Apple copyright claimed and removed the crowd reaction to $1k monitor stand - rahuldottech
https://www.reddit.com/r/geek/comments/bwwhgy/apple_just_submitted_a_copy_write_claim_and/
======
Isamu
The crowd reaction is in the original video hosted at Apple. Not like it's
suppressed as part of some conspiracy.

They announce the price and the crowd laughs a bit (like whaaaat?)

It's clearly very expensive, but it's a bunch of complicated engineering in
that stand, and I am betting that the cost crept up on them. The executives
probably weren't keeping an eye on this from a cost perspective. And
undoubtedly they chose a manufacturing process for low volume, higher cost,
but didn't realize how much higher until late in the game.

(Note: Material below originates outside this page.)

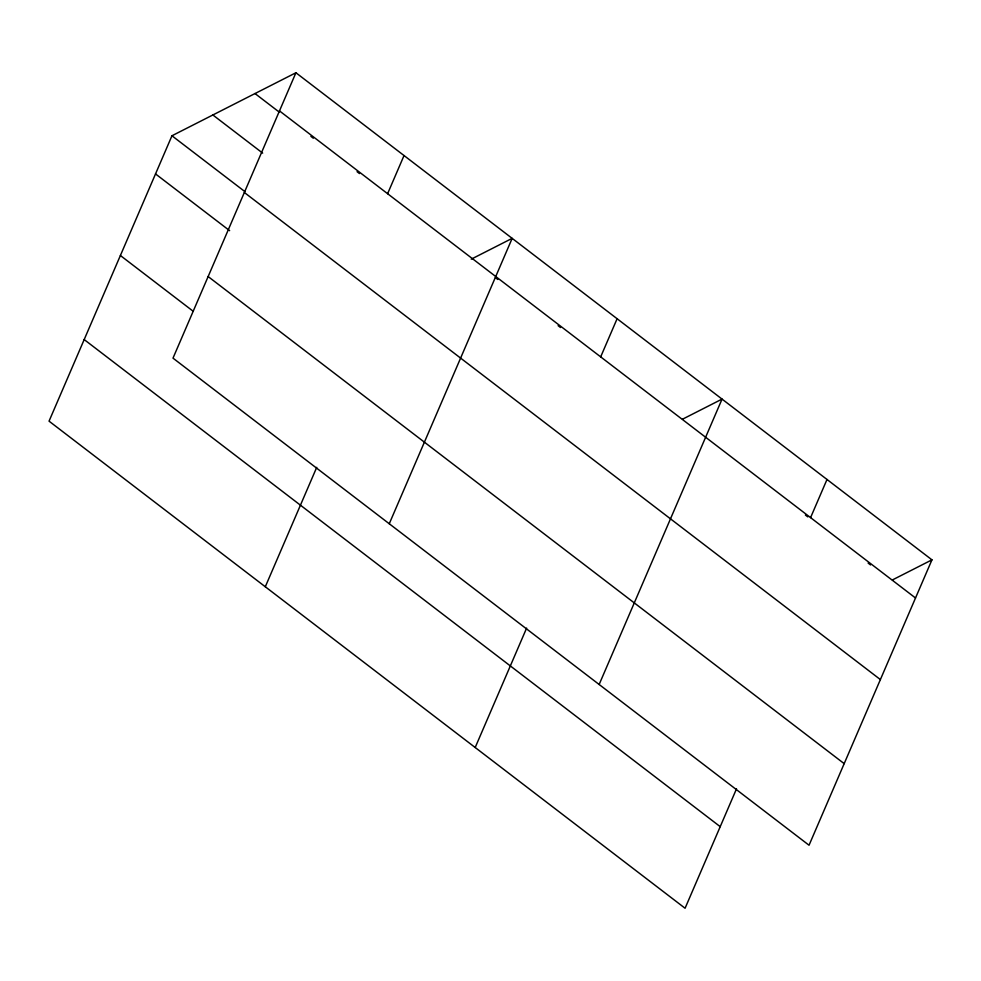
<?xml version="1.0" encoding="UTF-8"?>
<svg xmlns="http://www.w3.org/2000/svg" width="981" height="981" viewBox="0 0 981 981"><rect width="100%" height="100%" fill="white"/><g stroke="black" fill="none" stroke-linecap="round" stroke-linejoin="round"><path stroke-width="1.47" d="M295.919 72.753L172.999 358.139L809.043 845.23L931.95 559.844L295.919 72.753L171.957 135.77L49.05 421.156L685.081 908.247L736.51 788.834M387.605 193.711L404.037 155.55M265.299 586.773L316.728 467.348M389.261 523.756L512.168 238.358L471.26 259.156M600.679 356.876L617.11 318.727M475.196 747.51L526.625 628.098M599.146 684.493L722.053 399.095L682.518 419.206M810.576 517.625L827.008 479.464M892.403 579.943L931.95 559.844M279.487 110.902L915.518 597.993M255.011 93.551L279.303 112.153M310.891 136.347L313.319 138.211M357.059 171.7L359.487 173.563M495.38 277.635L497.796 279.475M558.115 325.667L560.531 327.519M805.401 515.05L807.817 516.889M868.124 563.082L870.539 564.933M212.865 114.973L262.675 153.122M171.957 135.77L244.858 191.589M244.343 192.484L880.386 679.575M155.525 173.919L229.64 230.67M208.144 276.556L844.175 763.635M120.393 255.514L193.282 311.333M84.182 339.573L720.226 826.664"/></g></svg>

Seems clear to me that the Apple presenter (I forget his name) tried to
quickly breeze past the cost of the stand to avoid an uncomfortable crowd
reaction, not quite successfully.

It is obvious that they priced the stand separately so you can just buy
whatever stand you want, if you don't want the fancy one.

[edit] Everything about the new Pro is over-the-top. It is a bit crazy to see.
Seems to be signalling a new direction or something. Or they are testing the
waters. Clearly they have the capability of creating an absolutely insane
device, they just have to internally justify it in terms of the engineering
investment.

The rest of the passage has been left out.